Extracted material:
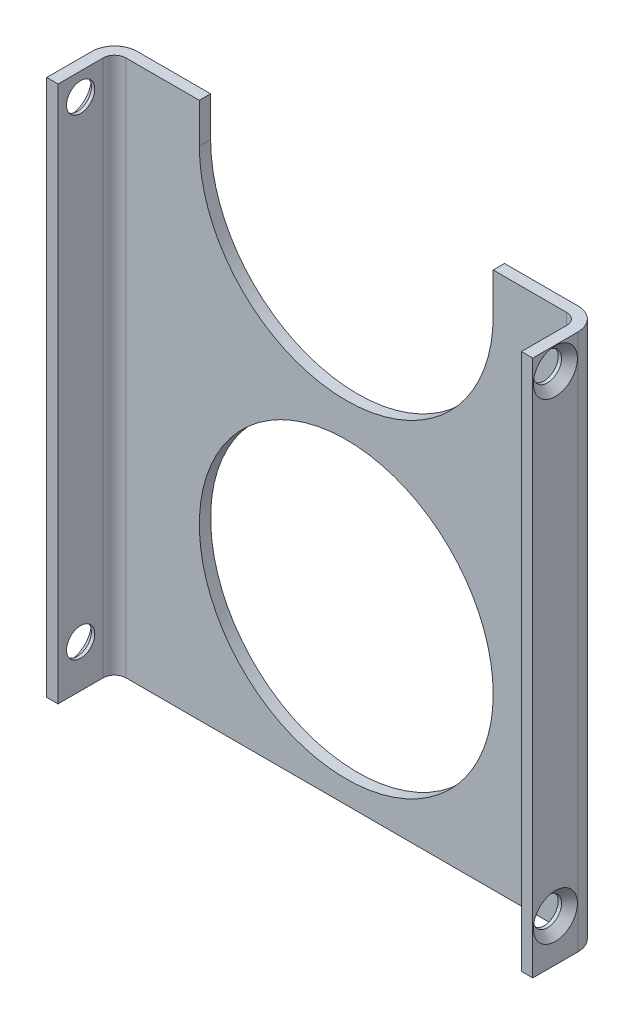
ISO-10303-21;
HEADER;
FILE_DESCRIPTION(('STEP AP214'),'2;1');
FILE_NAME('part.step','',(''),(''),'','','');
FILE_SCHEMA(('AUTOMOTIVE_DESIGN { 1 0 10303 214 1 1 1 1 }'));
ENDSEC;
DATA;
#1=APPLICATION_CONTEXT('core data for automotive mechanical design processes');
#2=APPLICATION_PROTOCOL_DEFINITION('international standard','automotive_design',2000,#1);
#3=PRODUCT_CONTEXT('',#1,'mechanical');
#4=PRODUCT('Part','Part','',(#3));
#5=PRODUCT_RELATED_PRODUCT_CATEGORY('part','',(#4));
#6=PRODUCT_DEFINITION_FORMATION('','',#4);
#7=PRODUCT_DEFINITION_CONTEXT('part definition',#1,'design');
#8=PRODUCT_DEFINITION('design','',#6,#7);
#9=PRODUCT_DEFINITION_SHAPE('','',#8);
#10=(LENGTH_UNIT() NAMED_UNIT(*) SI_UNIT(.MILLI.,.METRE.));
#11=(NAMED_UNIT(*) PLANE_ANGLE_UNIT() SI_UNIT($,.RADIAN.));
#12=(NAMED_UNIT(*) SI_UNIT($,.STERADIAN.) SOLID_ANGLE_UNIT());
#13=UNCERTAINTY_MEASURE_WITH_UNIT(LENGTH_MEASURE(1.E-05),#10,'distance_accuracy_value','');
#14=(GEOMETRIC_REPRESENTATION_CONTEXT(3) GLOBAL_UNCERTAINTY_ASSIGNED_CONTEXT((#13)) GLOBAL_UNIT_ASSIGNED_CONTEXT((#10,
#11,#12)) REPRESENTATION_CONTEXT('',''));
#15=CARTESIAN_POINT('',(0.,0.,0.));
#16=DIRECTION('',(0.,0.,1.));
#17=DIRECTION('',(1.,0.,0.));
#18=AXIS2_PLACEMENT_3D('',#15,#16,#17);
#19=CARTESIAN_POINT('',(0.,0.,2.));
#20=DIRECTION('',(-1.,0.,0.));
#21=DIRECTION('',(0.,0.,1.));
#22=AXIS2_PLACEMENT_3D('',#19,#20,#21);
#23=PLANE('',#22);
#24=CARTESIAN_POINT('',(0.,7.49999999999999,8.));
#25=DIRECTION('',(-1.,0.,0.));
#26=DIRECTION('',(0.,0.,1.));
#27=AXIS2_PLACEMENT_3D('',#24,#25,#26);
#28=CIRCLE('',#27,3.9);
#29=CARTESIAN_POINT('',(0.,7.49999999999999,11.9));
#30=VERTEX_POINT('',#29);
#31=EDGE_CURVE('E299',#30,#30,#28,.T.);
#32=ORIENTED_EDGE('',*,*,#31,.F.);
#33=EDGE_LOOP('',(#32));
#34=FACE_BOUND('',#33,.T.);
#35=DIRECTION('',(0.,0.,-1.));
#36=VECTOR('',#35,1.);
#37=CARTESIAN_POINT('',(0.,95.,2.));
#38=LINE('',#37,#36);
#39=CARTESIAN_POINT('',(0.,94.9999999999999,12.));
#40=VERTEX_POINT('',#39);
#41=CARTESIAN_POINT('',(0.,95.,4.));
#42=VERTEX_POINT('',#41);
#43=EDGE_CURVE('E154',#40,#42,#38,.T.);
#44=ORIENTED_EDGE('',*,*,#43,.T.);
#45=DIRECTION('',(0.,1.,0.));
#46=VECTOR('',#45,1.);
#47=CARTESIAN_POINT('',(0.,88.,4.));
#48=LINE('',#47,#46);
#49=CARTESIAN_POINT('',(0.,0.,4.));
#50=VERTEX_POINT('',#49);
#51=EDGE_CURVE('E286',#42,#50,#48,.F.);
#52=ORIENTED_EDGE('',*,*,#51,.T.);
#53=DIRECTION('',(0.,0.,-1.));
#54=VECTOR('',#53,1.);
#55=CARTESIAN_POINT('',(0.,0.,2.));
#56=LINE('',#55,#54);
#57=CARTESIAN_POINT('',(0.,0.,12.));
#58=VERTEX_POINT('',#57);
#59=EDGE_CURVE('E177',#58,#50,#56,.T.);
#60=ORIENTED_EDGE('',*,*,#59,.F.);
#61=DIRECTION('',(0.,1.,0.));
#62=VECTOR('',#61,1.);
#63=CARTESIAN_POINT('',(0.,0.,12.));
#64=LINE('',#63,#62);
#65=EDGE_CURVE('E171',#58,#40,#64,.T.);
#66=ORIENTED_EDGE('',*,*,#65,.T.);
#67=EDGE_LOOP('',(#44,#52,#60,#66));
#68=FACE_BOUND('',#67,.T.);
#69=CARTESIAN_POINT('',(0.,91.,8.));
#70=DIRECTION('',(-1.,0.,0.));
#71=DIRECTION('',(0.,0.,1.));
#72=AXIS2_PLACEMENT_3D('',#69,#70,#71);
#73=CIRCLE('',#72,3.9);
#74=CARTESIAN_POINT('',(0.,91.,11.9));
#75=VERTEX_POINT('',#74);
#76=EDGE_CURVE('E516',#75,#75,#73,.T.);
#77=ORIENTED_EDGE('',*,*,#76,.F.);
#78=EDGE_LOOP('',(#77));
#79=FACE_BOUND('',#78,.T.);
#80=ADVANCED_FACE('F42',(#34,#68,#79),#23,.T.);
#81=CARTESIAN_POINT('',(1.99999999999999,94.9999999999999,12.));
#82=DIRECTION('',(1.,0.,0.));
#83=DIRECTION('',(0.,1.,0.));
#84=AXIS2_PLACEMENT_3D('',#81,#82,#83);
#85=PLANE('',#84);
#86=CARTESIAN_POINT('',(2.,7.49999999999999,8.));
#87=DIRECTION('',(1.,0.,0.));
#88=DIRECTION('',(0.,1.,0.));
#89=AXIS2_PLACEMENT_3D('',#86,#87,#88);
#90=CIRCLE('',#89,2.5);
#91=CARTESIAN_POINT('',(2.,9.99999999999999,8.));
#92=VERTEX_POINT('',#91);
#93=EDGE_CURVE('E296',#92,#92,#90,.F.);
#94=ORIENTED_EDGE('',*,*,#93,.T.);
#95=EDGE_LOOP('',(#94));
#96=FACE_BOUND('',#95,.T.);
#97=DIRECTION('',(0.,0.,-1.));
#98=VECTOR('',#97,1.);
#99=CARTESIAN_POINT('',(2.,0.,12.));
#100=LINE('',#99,#98);
#101=CARTESIAN_POINT('',(2.,0.,12.));
#102=VERTEX_POINT('',#101);
#103=CARTESIAN_POINT('',(2.,0.,4.));
#104=VERTEX_POINT('',#103);
#105=EDGE_CURVE('E191',#102,#104,#100,.T.);
#106=ORIENTED_EDGE('',*,*,#105,.T.);
#107=DIRECTION('',(0.,1.,0.));
#108=VECTOR('',#107,1.);
#109=CARTESIAN_POINT('',(1.99999999999999,94.9999999999999,4.));
#110=LINE('',#109,#108);
#111=CARTESIAN_POINT('',(1.99999999999999,94.9999999999999,4.));
#112=VERTEX_POINT('',#111);
#113=EDGE_CURVE('E248',#104,#112,#110,.T.);
#114=ORIENTED_EDGE('',*,*,#113,.T.);
#115=DIRECTION('',(0.,0.,-1.));
#116=VECTOR('',#115,1.);
#117=CARTESIAN_POINT('',(1.99999999999999,94.9999999999999,12.));
#118=LINE('',#117,#116);
#119=CARTESIAN_POINT('',(1.99999999999999,94.9999999999999,12.));
#120=VERTEX_POINT('',#119);
#121=EDGE_CURVE('E190',#120,#112,#118,.T.);
#122=ORIENTED_EDGE('',*,*,#121,.F.);
#123=DIRECTION('',(0.,-1.,0.));
#124=VECTOR('',#123,1.);
#125=CARTESIAN_POINT('',(1.99999999999999,94.9999999999999,12.));
#126=LINE('',#125,#124);
#127=EDGE_CURVE('E173',#120,#102,#126,.T.);
#128=ORIENTED_EDGE('',*,*,#127,.T.);
#129=EDGE_LOOP('',(#106,#114,#122,#128));
#130=FACE_BOUND('',#129,.T.);
#131=CARTESIAN_POINT('',(1.99999999999999,91.,8.));
#132=DIRECTION('',(1.,0.,0.));
#133=DIRECTION('',(0.,1.,0.));
#134=AXIS2_PLACEMENT_3D('',#131,#132,#133);
#135=CIRCLE('',#134,2.5);
#136=CARTESIAN_POINT('',(1.99999999999999,93.5,8.));
#137=VERTEX_POINT('',#136);
#138=EDGE_CURVE('E45',#137,#137,#135,.F.);
#139=ORIENTED_EDGE('',*,*,#138,.T.);
#140=EDGE_LOOP('',(#139));
#141=FACE_BOUND('',#140,.T.);
#142=ADVANCED_FACE('F337',(#96,#130,#141),#85,.T.);
#143=CARTESIAN_POINT('',(86.,95.,2.));
#144=DIRECTION('',(1.,0.,0.));
#145=DIRECTION('',(0.,1.,0.));
#146=AXIS2_PLACEMENT_3D('',#143,#144,#145);
#147=PLANE('',#146);
#148=CARTESIAN_POINT('',(86.,91.,8.));
#149=DIRECTION('',(1.,0.,0.));
#150=DIRECTION('',(0.,0.,-1.));
#151=AXIS2_PLACEMENT_3D('',#148,#149,#150);
#152=CIRCLE('',#151,3.9);
#153=CARTESIAN_POINT('',(86.,91.,4.1));
#154=VERTEX_POINT('',#153);
#155=EDGE_CURVE('E294',#154,#154,#152,.T.);
#156=ORIENTED_EDGE('',*,*,#155,.F.);
#157=EDGE_LOOP('',(#156));
#158=FACE_BOUND('',#157,.T.);
#159=DIRECTION('',(0.,0.,-1.));
#160=VECTOR('',#159,1.);
#161=CARTESIAN_POINT('',(86.,0.,2.));
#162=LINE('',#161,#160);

Exercise instructions: Copy the entries above exactly, but only from the line holding "#28=CIRCLE('',#27,3.9);" through the line holding "#67=EDGE_LOOP('',(#44,#52,#60,#66));", both included.

Exercise result:
#28=CIRCLE('',#27,3.9);
#29=CARTESIAN_POINT('',(0.,7.49999999999999,11.9));
#30=VERTEX_POINT('',#29);
#31=EDGE_CURVE('E299',#30,#30,#28,.T.);
#32=ORIENTED_EDGE('',*,*,#31,.F.);
#33=EDGE_LOOP('',(#32));
#34=FACE_BOUND('',#33,.T.);
#35=DIRECTION('',(0.,0.,-1.));
#36=VECTOR('',#35,1.);
#37=CARTESIAN_POINT('',(0.,95.,2.));
#38=LINE('',#37,#36);
#39=CARTESIAN_POINT('',(0.,94.9999999999999,12.));
#40=VERTEX_POINT('',#39);
#41=CARTESIAN_POINT('',(0.,95.,4.));
#42=VERTEX_POINT('',#41);
#43=EDGE_CURVE('E154',#40,#42,#38,.T.);
#44=ORIENTED_EDGE('',*,*,#43,.T.);
#45=DIRECTION('',(0.,1.,0.));
#46=VECTOR('',#45,1.);
#47=CARTESIAN_POINT('',(0.,88.,4.));
#48=LINE('',#47,#46);
#49=CARTESIAN_POINT('',(0.,0.,4.));
#50=VERTEX_POINT('',#49);
#51=EDGE_CURVE('E286',#42,#50,#48,.F.);
#52=ORIENTED_EDGE('',*,*,#51,.T.);
#53=DIRECTION('',(0.,0.,-1.));
#54=VECTOR('',#53,1.);
#55=CARTESIAN_POINT('',(0.,0.,2.));
#56=LINE('',#55,#54);
#57=CARTESIAN_POINT('',(0.,0.,12.));
#58=VERTEX_POINT('',#57);
#59=EDGE_CURVE('E177',#58,#50,#56,.T.);
#60=ORIENTED_EDGE('',*,*,#59,.F.);
#61=DIRECTION('',(0.,1.,0.));
#62=VECTOR('',#61,1.);
#63=CARTESIAN_POINT('',(0.,0.,12.));
#64=LINE('',#63,#62);
#65=EDGE_CURVE('E171',#58,#40,#64,.T.);
#66=ORIENTED_EDGE('',*,*,#65,.T.);
#67=EDGE_LOOP('',(#44,#52,#60,#66));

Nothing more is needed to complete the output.